Consider classical electron orbit with radius 53pm (picometers) that has a magnetic moment equal to 2μB (the Bohr magneton). What is the current of that orbiting electron in A?
To determine the current of the orbiting electron, we need to use the equation relating magnetic moment to current and the radius of the orbit.
The equation is:
magnetic moment (μ) = (current (I) * Area (A) * number of turns (N)) / 2
Here, the number of turns (N) is 1 since we are considering a single electron and the area (A) is the area of the circular orbit, which can be calculated using the formula for the area of a circle: A = π * r^2, where r is the radius of the orbit.

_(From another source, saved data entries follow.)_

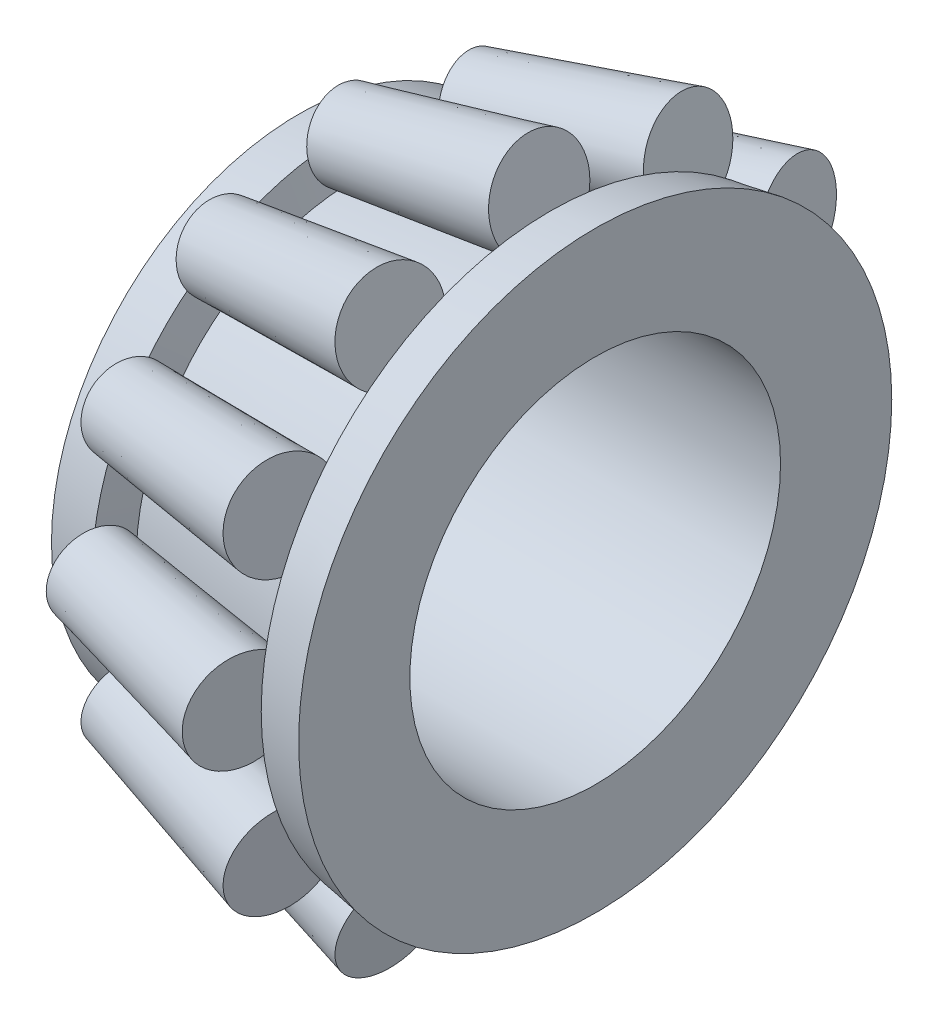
from build123d import *

# Parameters (mm, degrees)
R_P_TITION_CIRCULAIRE1_COUNT = 12


with BuildPart() as part:
    # Esquisse1 → Base-R_volution (revolve)
    with BuildSketch(Plane.XY, mode=Mode.PRIVATE) as base_r_volution_sk:
        Polygon((0, 7.5), (0, 12), (-1.815493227, 11.697417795), (-1.815493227, 10.176727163), (-9.706644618, 8.861535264), (-10.027212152, 10.328797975), (-12, 10), (-12, 7.5), align=None)
    revolve(base_r_volution_sk.sketch.rotate(Axis((40, 0, 0), (-1, 0, 0)), 90), axis=Axis((40, 0, 0), (-1, 0, 0)))

    # Esquisse2 → Boss.-R_vol.3 (revolve)
    with BuildSketch(Plane.XY):
        Polygon((-1.815493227, 10.1), (-9.671352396, 8.7), (-10.030719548, 10.260733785), (-2.264261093, 12.049001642), align=None)
    boss_r_vol_3 = revolve(axis=Axis((-2.264261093, 12.049001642, 0), (-0.9745008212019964, -0.22438393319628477, 0)))

    # R_p_tition circulaire1: Boss.-R_vol.3 ×12 about axis
    r_p_tition_circulaire1_axis = Axis((-10, 0, 0), (1, 0, 0))
    for i in range(1, R_P_TITION_CIRCULAIRE1_COUNT):
        add(boss_r_vol_3.rotate(r_p_tition_circulaire1_axis, i * 360 / R_P_TITION_CIRCULAIRE1_COUNT))


solid = part.part

Let's plug in the values and solve for the current (I):
Given:
magnetic moment (μ) = 2μB (Bohr magneton)
radius (r) = 53 pm (picometers) = 53 * 10^-12 meters
We need to convert the radius to meters to have consistent units with the equation. So, 53 pm = 53 * 10^-12 meters.
Using the formula for the area of a circle: A = π * r^2, we get:
A = π * (53 * 10^-12)^2
Next, we rearrange the equation for current (I):
I = (2 * μ * 2) / (A * N)
Now, substitute the given values into the equation:
I = (2 * 2μB) / (π * (53 * 10^-12)^2 * 1)
Finally, calculate the current (I) using the provided values.